From Introspective Prompting to Recursive Belief Attribution and Collective Mind.
Large Language Models (LLMs) | Cognitive Science | Recursive Reasoning |
Computational Social Science
This Honors Thesis, completed at the University of Sydney, provides a technical foundation for evaluating the capacity of Large Language Models (LLMs) to approximate complex human social reasoning.

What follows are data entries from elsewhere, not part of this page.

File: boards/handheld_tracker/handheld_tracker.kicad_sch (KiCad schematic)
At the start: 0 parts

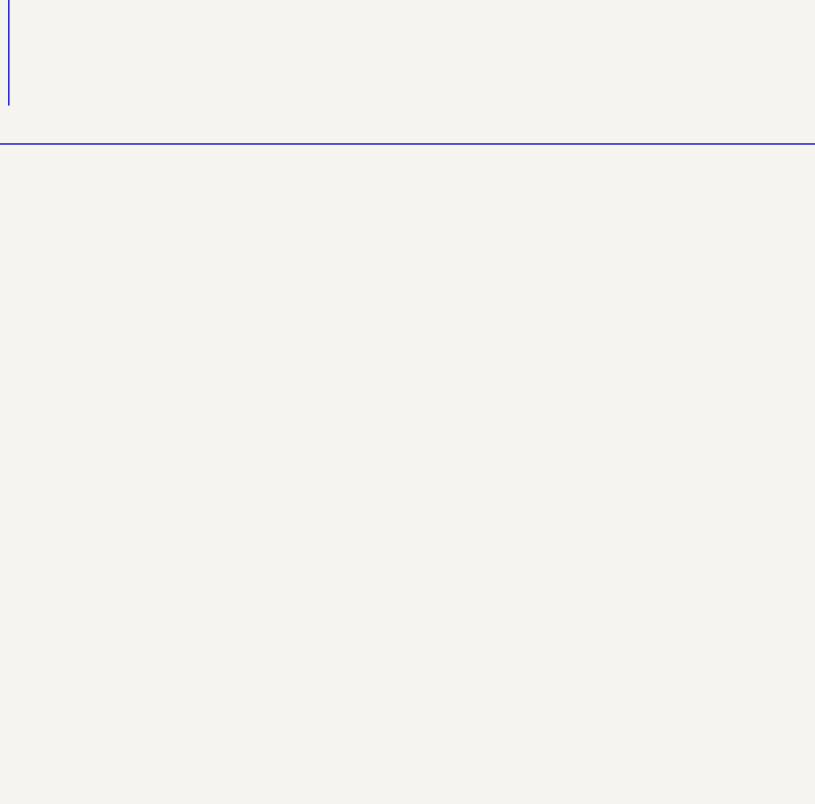
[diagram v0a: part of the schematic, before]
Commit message: created section for test pins
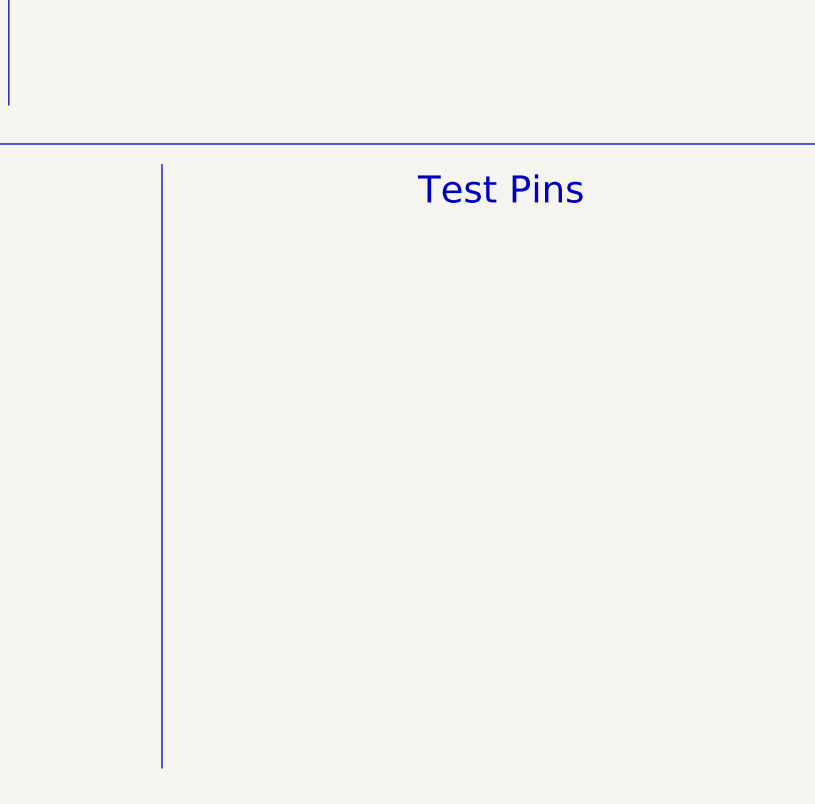
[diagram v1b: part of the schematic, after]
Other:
- note added: "Test Pins"
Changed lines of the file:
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@@
+    (stroke (width 0) (type default) (color 0 0 0 0))
+  )
+  (polyline (pts (xy 184.658 98.806) (xy 184.658 165.862))
     (stroke (width 0) (type default) (color 0 0 0 0))
   )
@@
     (effects (font (size 3 3)) (justify left bottom))
   )
+  (text "Test Pins" (at 213.106 103.632 0)
+    (effects (font (size 3 3)) (justify left bottom))
+  )

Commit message: added notes
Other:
- note added: "- I2C lines - SPI lines - Input voltage - Regulated voltage - GND"
- note added: "Likely needs to be modified to account for MCU change...may need 5V to power larger MCU"
- note added: "Make heirarchy...for buttons & screen"
- note added: "SAM-M8Q"
- note added: "TBD"
- note added: "Transceiver + SMA antenna connector"
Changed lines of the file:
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@@
     (effects (font (size 3 3)) (justify left bottom))
+  )
+  (text "Likely needs to be modified to account for MCU \nchange...may need 5V to power larger MCU"
+    (at 26.67 114.554 0)
+    (effects (font (size 1.27 1.27)) (justify left bottom))
   )
   (text "Test Pins" (at 213.106 103.632 0)
@@
     (effects (font (size 3 3)) (justify left bottom))
   )
+  (text "Transceiver + SMA antenna connector" (at 194.818 49.022 0)
+    (effects (font (size 1.27 1.27)) (justify left bottom))
+  )
+  (text "SAM-M8Q" (at 113.538 50.038 0)
+    (effects (font (size 1.27 1.27)) (justify left bottom))
+  )
+  (text "- I2C lines\n- SPI lines\n- Input voltage\n- Regulated voltage\n- GND"
+    (at 221.488 128.016 0)
+    (effects (font (size 1.27 1.27)) (justify left bottom))
+  )
+  (text "TBD" (at 42.672 52.324 0)
+    (effects (font (size 1.27 1.27)) (justify left bottom))
+  )
   (text "Power" (at 44.196 104.14 0)
     (effects (font (size 3 3)) (justify left bottom))
   )
+  (text "Make heirarchy...for buttons & screen" (at 118.618 125.73 0)
+    (effects (font (size 1.27 1.27)) (justify left bottom))
+  )
   (sheet_instances

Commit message: added sensor and MCU
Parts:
- added U1: SAM-M8Q, RF_GPS:ublox_SAM-M8Q, symbol RF_GPS:SAM-M8Q
- added U2: RFM96W-433S2, symbol RF_Module:RFM96W-433S2
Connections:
- new net: U1.1 (GND), U1.10 (GND), U1.11 (GND), U1.15 (GND), U1.16 (GND), U1.20 (GND), U1.4 (GND), U1.5 (GND), U1.6 (GND)
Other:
- added sheet mcu (mcu.kicad_sch)
- added sheet user_interface (user_interface.kicad_sch)
- note removed: "Likely needs to be modified to account for MCU change...may need 5V to power larger MCU"
- note removed: "Make heirarchy...for buttons & screen"
- note removed: "SAM-M8Q"
- note removed: "TBD"
- note removed: "Transceiver + SMA antenna connector"
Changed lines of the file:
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@@
     (stroke (width 0) (type default) (color 0 0 0 0))
   )
-  (text "MCU" (at 46.228 25.4 0)
+  (text "MCU" (at 45.72 25.4 0)
     (effects (font (size 3 3)) (justify left bottom))
   )
-  (text "Likely needs to be modified to account for MCU \nchange...may need 5V to power larger MCU"
-    (at 26.67 114.554 0)
+  (text "Test Pins" (at 214.63 104.14 0)
+    (effects (font (size 3 3)) (justify left bottom))
+  )
+  (text "User Interface" (at 114.3 105.41 0)
+    (effects (font (size 3 3)) (justify left bottom))
+  )
+  (text "Sensors" (at 118.11 24.13 0)
+    (effects (font (size 3 3)) (justify left bottom))
+  )
+  (text "Communication" (at 189.23 26.67 0)
+    (effects (font (size 3 3)) (justify left bottom))
+  )
+  (text "- I2C lines\n- SPI lines\n- Input voltage\n- Regulated voltage\n- GND"
+    (at 220.98 128.27 0)
     (effects (font (size 1.27 1.27)) (justify left bottom))
   )
-  (text "Test Pins" (at 213.106 103.632 0)
+  (text "Power" (at 44.45 105.41 0)
     (effects (font (size 3 3)) (justify left bottom))
   )
-  (text "User Interface" (at 114.3 104.394 0)
-    (effects (font (size 3 3)) (justify left bottom))
+  (symbol (lib_id "RF_Module:RFM96W-433S2") (at 213.36 52.07 0) (unit 1)
+    (in_bom yes) (on_board yes) (fields_autoplaced)
+    (property "Reference" "U2" (id 0) (at 215.3794 37.084 0)
+      (effects (font (size 1.27 1.27)) (justify left))
+    )
+    (property "Value" "RFM96W-433S2" (id 1) (at 215.3794 39.624 0)
+      (effects (font (size 1.27 1.27)) (justify left))
+    )
+    (property "Footprint" "" (id 2) (at 129.54 10.16 0)
+      (effects (font (size 1.27 1.27)) hide)
+    )
+    (property "Datasheet" "https://www.hoperf.com/data/upload/portal/20181127/5bfcc0ac60235.pdf" (id 3) (at 129.54 10.16 0)
+      (effects (font (size 1.27 1.27)) hide)
+    )
+    (pin "1")
+    (pin "10")
+    (pin "11")
+    (pin "12")
+    (pin "13")
+    (pin "14")
+    (pin "15")
+    (pin "16")
+    (pin "2")
+    (pin "3")
+    (pin "4")
+    (pin "5")
+    (pin "6")
+    (pin "7")
+    (pin "8")
+    (pin "9")
   )
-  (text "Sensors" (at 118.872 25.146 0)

The research is divided into two parts: an extension of the HI-TOM benchmark to test the Recursive Theory of Mind (ToM) up to fourth-order belief structures, and the development of a novel Collective Mind benchmark to evaluate multi-agent coordination under relational constraints. By testing models like o3-mini and GPT-3.5-turbo, the study identifies a "reasoning collapse" as social complexity increases, offering a diagnostic tool for assessing AI reliability in collaborative human environments.
While LLMs excel at pattern matching, they often struggle with Metacognition—the ability to reflect on mental states. This thesis interrogates whether LLMs possess a structured understanding of social logic or if they are simply "hallucinating" social intelligence based on statistical linguistic frequency.
This phase focuses on how well LLMs track nested belief states (e.g., "A thinks that B believes that C is unaware of X").
The Benchmark: I extended the HI-TOM benchmark to evaluate belief attribution up to fourth-order depth.
The Methodology: I conducted a comparative analysis of two "Introspective Prompting" strategies—Chain of Thought (CoT) and Program of Thought (PoT).
Technical Innovation: I adapted PoT prompting to scaffold social reasoning using Python-like pseudocode and belief-chain tracking, the first known application of this method to higher-order ToM tasks.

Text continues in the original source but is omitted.